In some cases, according to indications, endoscopic retrograde cholangiopancreatography (ERCP), computed tomography, angiography, radionuclide scanning, intravenous cholecystcholangiography, fibrogastroscopy are used. The data of these methods do not allow diagnosing chronic pancreatitis, but it helps to clarify some etiopathogenetic factors, to assess the state of neighboring organs.
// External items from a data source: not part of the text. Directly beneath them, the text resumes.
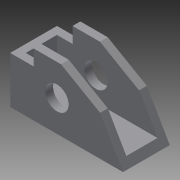
# Autodesk Inventor part: 2.4 Tutorial
Saved by Autodesk Inventor 2015 (Build 190159000, 159)
## iProperties
Created: 2015-09-02
Part Number: 2.4 Tutorial
Material: Generic
Document SubType Name: Modeling
Designer: Brandon
Density: 1 g/cm^3
Appearance: Default
Author: Brandon
Autodesk Inventor part; units mm, degrees
ref_plane "YZ Plane" through (0, 0, 0) normal (1, 0, 0) x (0, 1, 0)
ref_plane "XZ Plane" through (0, 0, 0) normal (0, 1, 0) x (-1, 0, 0)
ref_plane "XY Plane" through (0, 0, 0) normal (0, 0, 1) x (1, 0, 0)
sketch "Sketch1" plane through (0, 0, 0) normal (0, 0, 1) x (1, 0, 0)
  line L0 (0, 0) -> (91.948, 0)
  line L1 (0, 0) -> (0, 38.1)
  line L2 (0, 38.1) -> (19.05, 38.1)
  line L3 (19.05, 38.1) -> (19.05, 50.8)
  line L4 (19.05, 50.8) -> (41.402, 50.8)
  line L5 (91.948, 0) -> (223.0777, 0) construction
  line L6 (41.402, 50.8) -> (73.2269, 32.4259)
  line L7 (91.948, 0) -> (73.2269, 32.4259)
  circle A0 centre (38.1, 25.4) radius 9.525
  dimension "d3" = 12.7
  dimension "d7" = 19.05
  dimension "d8" = 50.8
  dimension "d9" = 41.402
  dimension "d10" = 60
  dimension "d11" = 30
  dimension "d12" = 19.05
  dimension "d13" = 38.1
  dimension "d14" = 25.4
  constraints: 16 end point, 3 perpendicular, 2 horizontal, 1 centre point, 1 vertical
  measures "d3" distance of L2.end L3.end
  measures "d7" distance of L1.end L2.end
  measures "d8" vertical distance of L0.start L3.end
  measures "d9" horizontal distance of L4.end L1.end
  measures "d10" angle of L0 L7
  measures "d11" angle of L7 L6
  measures "d12" diameter of A0
  measures "d13" horizontal distance of L0.start A0.centre
  measures "d14" vertical distance of L0.end A0.centre
extrude "Extrusion1" add sketch "Sketch1" along normal blind 6.35
sketch "Sketch2" plane through (0, 0, 0) normal (0, 0, -1) x (-1, 0, 0)
  line L0 (-19.05, 38.1) -> (0, 38.1) projected
  line L1 (0, 0) -> (-6.35, 0)
  line L2 (-6.35, 0) -> (-6.35, 38.1)
  line L3 (-6.35, 38.1) -> (0, 38.1)
  line L4 (0, 38.1) -> (0, 0)
  dimension "d17" = 6.35
  constraints: 8 end point, 2 parallel, 1 horizontal, 1 perpendicular, 1 point on line
  measures "d17" distance of L2.end L3.end
extrude "Extrusion2" add sketch "Sketch2" along normal blind 25.4
sketch "Sketch3" plane through (0, 0, 0) normal (0, 0, -1) x (-1, 0, 0)
  point P0 (0, 0)
sketch "Sketch4" plane through (0, 0, 0) normal (0, 0, -1) x (-1, 0, 0)
  line L0 (-6.35, 0) -> (-6.35, 6.35)
  line L1 (-6.35, 0) -> (-6.35, 38.1) projected
  line L2 (-6.35, 6.35) -> (-88.2818, 6.35)
  line L3 (-88.2818, 6.35) -> (-91.948, 0)
  line L4 (-91.948, 0) -> (-73.2269, 32.4259) projected
  line L5 (-91.948, 0) -> (-6.35, 0)
  line L6 (0, 0) -> (-91.948, 0) projected
  dimension "d21" = 6.35
  constraints: 8 end point, 2 collinear, 1 perpendicular, 1 point on line
  measures "d21" distance of L0.start L0.end
extrude "Extrusion3" add sketch "Sketch4" along normal blind 25.4
sketch "Sketch5" plane through (0, 0, -25.4) normal (0, 0, -1) x (-1, 0, 0)
  point P0 (0, 0)
sketch "Sketch6" plane through (0, 0, -25.4) normal (0, 0, -1) x (-1, 0, 0)
  line L0 (0, 0) -> (0, 38.1)
  line L1 (0, 38.1) -> (-19.05, 38.1)
  line L2 (-19.05, 38.1) -> (-19.05, 50.8)
  line L3 (-19.05, 50.8) -> (-41.402, 50.8)
  line L4 (-41.402, 50.8) -> (-73.2269, 32.4259)
  line L5 (-73.2269, 32.4259) -> (-91.948, 0)
  line L6 (-91.948, 0) -> (0, 0)
  line L7 (0, 0) -> (-91.948, 0) projected
  circle A0 centre (-38.1, 25.4) radius 9.525
  dimension "d24" = 19.05
  dimension "d25" = 38.1
  dimension "d26" = 25.4
  constraints: 14 end point, 3 perpendicular, 1 centre point, 1 collinear, 1 vertical
  measures "d24" diameter of A0
  measures "d25" distance from line of L0 A0.centre
  measures "d26" vertical distance of L5.end A0.centre
extrude "Extrusion4" add sketch "Sketch6" along normal blind 6.35
body "Solid1"
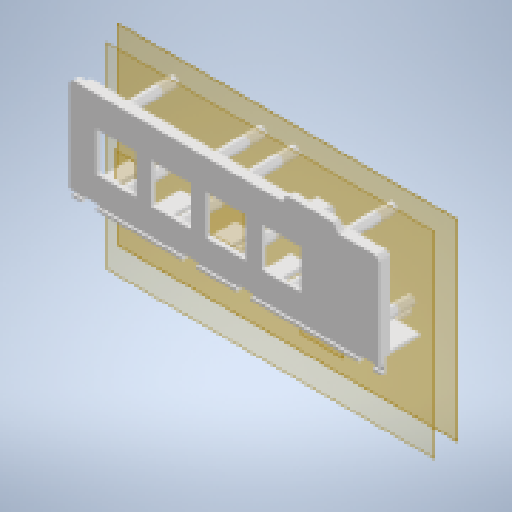
# Autodesk Inventor part: RV_ES_TopHV
Saved by Autodesk Inventor 2024.2 (Build 282272000, 272)
## iProperties
Created: 2023-08-06
Part Number: RV_ES_TopHV
Material: Generic
Document SubType Name: Modeling
Designer: atrus
Density: 1 g/cm^3
Appearance: Default
Mass: 78.5507 g
Surface Area: 462.891 cm^2
Volume: 78.5507 cm^3
Author: atrus
Autodesk Inventor part; units mm, degrees
ref_plane "YZ Plane" through (0, 0, 0) normal (1, 0, 0) x (0, 1, 0)
ref_plane "XZ Plane" through (0, 0, 0) normal (0, 1, 0) x (-1, 0, 0)
ref_plane "Work Plane1" through (160.7185, -7.942384, -39.091557) normal (0, 0, 1) x (1, 0, 0)
ref_plane "Bottom Case Offset" through (160.7185, -7.942384, -38.891557) normal (0, 0, 1) x (1, 0, 0)
sketch "Sketch1" plane through (0, 0, 0) normal (0, 0, 1) x (1, 0, 0)
  line L0 (0, 55.614096) -> (215.9, 55.614096)
  line L1 (215.9, 55.614096) -> (215.9, 121.724616)
  line L2 (215.9, 121.724616) -> (0, 121.724616)
  line L3 (0, 121.724616) -> (0, 55.614096)
  line L4 (215.9, 121.724616) -> (215.9, 57.656276) construction
  line L5 (0, 48.884616) -> (0, 118.549616)
  line L6 (1.113, 48.884616) -> (0, 48.884616)
  point P0 (0, 88.669356)
  constraints: 10 end point, 2 parallel, 1 horizontal, 1 midpoint, 1 perpendicular
extrude "Top Face" add sketch "Sketch1" along normal blind 5
sketch "Sketch2" plane through (0, 0, 5) normal (0, 0, 1) x (1, 0, 0)
  line L0 (44.754719, 74.175735) -> (19.253119, 74.175735) construction
  line L1 (44.754719, 99.677335) -> (44.754719, 74.175735) construction
  line L2 (19.253119, 74.175735) -> (19.253119, 99.677335) construction
  line L3 (57.607119, 74.175735) -> (57.607119, 99.677335) construction
  line L4 (83.108719, 99.677335) -> (83.108719, 74.175735) construction
  line L5 (83.108719, 74.175735) -> (57.607119, 74.175735) construction
  line L6 (96.215119, 74.175735) -> (96.215119, 99.677335) construction
  line L7 (121.716719, 99.677335) -> (121.716719, 74.175735) construction
  line L8 (134.823119, 74.175735) -> (134.823119, 99.677335) construction
  line L9 (160.324719, 99.677335) -> (160.324719, 74.175735) construction
  line L10 (160.324719, 74.175735) -> (134.823119, 74.175735) construction
  line L11 (19.253119, 99.677335) -> (44.754719, 99.677335) construction
  line L12 (57.607119, 99.677335) -> (83.108719, 99.677335) construction
  line L13 (96.215119, 99.677335) -> (121.716719, 99.677335) construction
  line L14 (134.823119, 99.677335) -> (160.324719, 99.677335) construction
  line L15 (18.253119, 100.677335) -> (18.253119, 73.175735)
  line L16 (18.253119, 73.175735) -> (45.754719, 73.175735)
  line L17 (45.754719, 73.175735) -> (45.754719, 100.677335)
  line L18 (45.754719, 100.677335) -> (18.253119, 100.677335)
  line L19 (56.607119, 100.677335) -> (56.607119, 73.175735)
  line L20 (56.607119, 73.175735) -> (84.108719, 73.175735)
  line L21 (84.108719, 73.175735) -> (84.108719, 100.677335)
  line L22 (84.108719, 100.677335) -> (56.607119, 100.677335)
  line L23 (121.716719, 74.175735) -> (96.215119, 74.175735) construction
  line L24 (96.215119, 74.175735) -> (96.215119, 99.677335)
  line L25 (95.215119, 100.677335) -> (95.215119, 73.175735)
  line L26 (95.215119, 73.175735) -> (122.716719, 73.175735)
  line L27 (122.716719, 73.175735) -> (122.716719, 100.677335)
  line L28 (122.716719, 100.677335) -> (95.215119, 100.677335)
  line L29 (133.823119, 100.677335) -> (133.823119, 73.175735)
  line L30 (133.823119, 73.175735) -> (161.324719, 73.175735)
  line L31 (161.324719, 73.175735) -> (161.324719, 100.677335)
  line L32 (161.324719, 100.677335) -> (133.823119, 100.677335)
  point P0 (0, 0)
  dimension "d96" = 1
  constraints: 32 end point, 3 parallel, 12 other
  measures "d96" distance between parallel lines of L18 L11
extrude "Recept Cutouts" cut sketch "Sketch2" against normal blind 3
sketch "Sketch3" plane through (0, 0, 0) normal (0, 0, -1) x (-1, 0, 0)
  circle A0 centre (-90.17, 112.834616) radius 3.750005 construction
  circle A1 centre (-181.61, 112.834616) radius 3.750005 construction
  circle A2 centre (-29.21, 112.834616) radius 3.550005
  circle A3 centre (-32.004, 65.844616) radius 3.550005
  circle A4 centre (-70.358, 65.844616) radius 3.550005
  circle A5 centre (-90.17, 112.834616) radius 3.550005
  circle A6 centre (-113.03, 112.834616) radius 3.550005
  circle A7 centre (-108.966, 65.844616) radius 3.550005
  circle A8 centre (-181.61, 112.834616) radius 3.550005
  circle A9 centre (-194.31, 63.304616) radius 3.550005
  circle A10 centre (-29.21, 112.834616) radius 3.81
  circle A11 centre (-32.004, 65.844616) radius 3.81
  circle A12 centre (-113.03, 112.834616) radius 3.81
  circle A13 centre (-70.358, 65.844616) radius 3.81
  circle A14 centre (-108.966, 65.844616) radius 3.81
  circle A15 centre (-194.31, 63.304616) radius 3.81
  circle A16 centre (-147.574, 65.844616) radius 3.750005
  circle A17 centre (-147.574, 65.844616) radius 3.550005
  point P0 (0, 0)
  dimension "d5" = 0.2
  constraints: 9 centre point, 8 equal radius, 7 coincident
  measures "d5" radial gap between concentric circles of A1 A8
extrude "Bosses" add sketch "Sketch3" along normal up to surface (38.891557 mm away) contours A2 | A3 | A4 | A5 | A6 | A7 | A8 | A9 | A17
ref_plane "PCB Plane Offset" through (103.01683, 55.15644, -27.328797) normal (0, 0, 1) x (1, 0, 0)
sketch "Sketch4" plane through (0, 0, 0) normal (0, 0, -1) x (-1, 0, 0)
  line L0 (-188.196091, 44.678615) -> (-188.196091, 97.078617) construction
  line L1 (-188.696091, 55.614096) -> (-212.089995, 55.614096)
  line L2 (-212.089995, 55.614096) -> (-212.089995, 57.846616)
  line L3 (-212.089995, 57.846616) -> (-188.696091, 57.846616)
  line L4 (-188.696091, 57.846616) -> (-188.696091, 55.614096)
  line L5 (-172.95, 57.946616) -> (-195.35, 57.946616)
  line L6 (-212.08999, -4.005394) -> (-212.09, 115.374616)
  line L7 (0, 55.614096) -> (-215.9, 55.614096)
  point P0 (0, 0)
  dimension "d8" = 0.5
  dimension "d109" = 0.1
  constraints: 8 end point, 3 perpendicular, 1 collinear, 1 horizontal
  measures "d8" distance between parallel lines of L0 L4
  measures "d109" distance between parallel lines of L5 L3
extrude "PS Side Tall Barrier" add sketch "Sketch4" along normal up to surface (27.328797 mm away)
sketch "Sketch5" plane through (212.089995, 57.846616, -27.328797) normal (0, 0, -1) x (-1, 0, 0)
  line L0 (23.393904, 0) -> (23.393904, -2.23252)
  line L1 (23.393904, 0) -> (0, 0)
  line L2 (23.393904, -2.23252) -> (16.939975, -2.23252)
  line L3 (16.939975, -2.23252) -> (16.939975, 0)
  line L4 (16.939975, 0) -> (23.393904, 0)
  line L5 (23.393904, 0) -> (23.393904, -2.23252)
  point P0 (212.089995, -57.846616)
  point P1 (16.739975, -2.8)
  dimension "d13" = 0.2
  constraints: 8 end point, 2 parallel, 1 horizontal, 1 perpendicular, 1 point on line, 1 other
  measures "d13" horizontal distance of point (16.74, -2.8) L2.end
extrude "PS Side Tall Barrier PCB" add sketch "Sketch5" along normal up to surface (11.56276 mm away)
sketch "Sketch6" plane through (0, 0, 0) normal (0, 0, -1) x (-1, 0, 0)
  arc A0 (-212.725, 121.724616) -> (-215.9, 118.549616) centre (-212.725, 118.549616) ccw construction
  arc A1 (-210.312, 119.311616) -> (-213.487, 116.136616) centre (-210.312, 116.136616) ccw construction
  line L0 (-213.487, 50.884616) -> (-213.487, 116.136616) construction
  line L1 (-210.312, 119.311616) -> (-172.72, 119.311616) construction
  line L2 (-162.72, 119.311616) -> (-5.588, 119.311616) construction
  arc A2 (-2.413, 116.136616) -> (-5.588, 119.311616) centre (-5.588, 116.136616) ccw construction
  line L3 (-2.413, 116.136616) -> (-2.413, 60.364616) construction
  line L4 (-213.287, 58.146616) -> (-213.287, 116.136616)
  arc A3 (-210.312, 119.111616) -> (-213.287, 116.136616) centre (-210.312, 116.136616) ccw
  line L5 (-210.312, 119.111616) -> (-172.72, 119.111616)
  line L6 (-162.72, 119.111616) -> (-5.588, 119.111616)
  arc A4 (-2.613, 116.136616) -> (-5.588, 119.111616) centre (-5.588, 116.136616) ccw
  line L7 (-2.613, 116.136616) -> (-2.613, 61.064616)
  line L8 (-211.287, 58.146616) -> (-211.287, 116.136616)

There is no generally accepted classification of chronic pancreatitis. As a working one, they use the one proposed in 1982 by A.L. Grebenev, who proposed to distinguish the following forms of the disease according to the characteristics of the clinic: 1) recurrent (polysymptomatic); 2) pain, when the indicated symptom is dominant, 3) latent, long-term secret; 4) pseudotumor with the formation of obstructive jaundice. The course distinguishes stage 1 (mild severity), when signs of external and intrasecretory pancreatic insufficiency are not detected, stage 2 (moderate severity), when they are determined and stage 3 (severe), characterized by persistent "pancreatogenic" diarrhea, progressive exhaustion, polyhypovitaminosis, secondary diabetes mellitus. In addition, the diagnosis is supplemented by an indication of the etiology, phase (exacerbation, remission), the presence of complications and morphological changes in the pancreas.

Chronic pancreatitis must be differentiated primarily from pancreatic cancer, as well as from calculous cholecystitis, gastric and duodenal ulcers, chronic enteritis and colitis, visceral ischemic syndrome.

The basic treatment of exacerbation of chronic pancreatitis includes measures aimed at 1) reducing pancreatic secretion; 2) relief of pain syndrome; 3) maintaining an effective volume of circulating blood and preventing shock; 4) prevention of septic complications; 5) elimination and inactivation of toxic and vasoactive substances.

Given that the leading role in the pathogenesis of chronic pancreatitis belongs to the damaging effect of its own active pancreatic enzymes, the main task is to reduce the exocrine function of this organ. In the first 1-3 days of exacerbation, hunger is prescribed, alkaline solutions are taken every 2 hours (sodium bicarbonate, Borjomi, 200 ml each). It is possible to use buffer antacids (almagel, phosphalugel, maalox, gastal) which are prescribed 6-8 times a day. In severe cases, first of all, with symptoms of duodenostasis, continuous aspiration of gastric contents is carried out through a thin intranasal probe. To enhance the effect, M-anticholinergics (atropine, platifillin, preferably gastrocepin) are prescribed orally or parenterally, as well as histamine H2 receptor blockers (cimetidine, ranitidine, famotidine). In addition, significantly reduces the production of enzymes 5-fluorouracil, which is prescribed in / in the rate of -12-15 mg / kg / day. in 5% glucose solution for 5 days. It is possible to use antispasmodics (papaverine, no-shpa, cerucal, etc.). During the first days of exacerbation, all patients need to inject 3 or more liters of fluid intravenously, including glucose, electrolytes, albumin solution, plasma, hemodez, which, along with a decrease in pain and intoxication, prevents the development of hypovolemic shock.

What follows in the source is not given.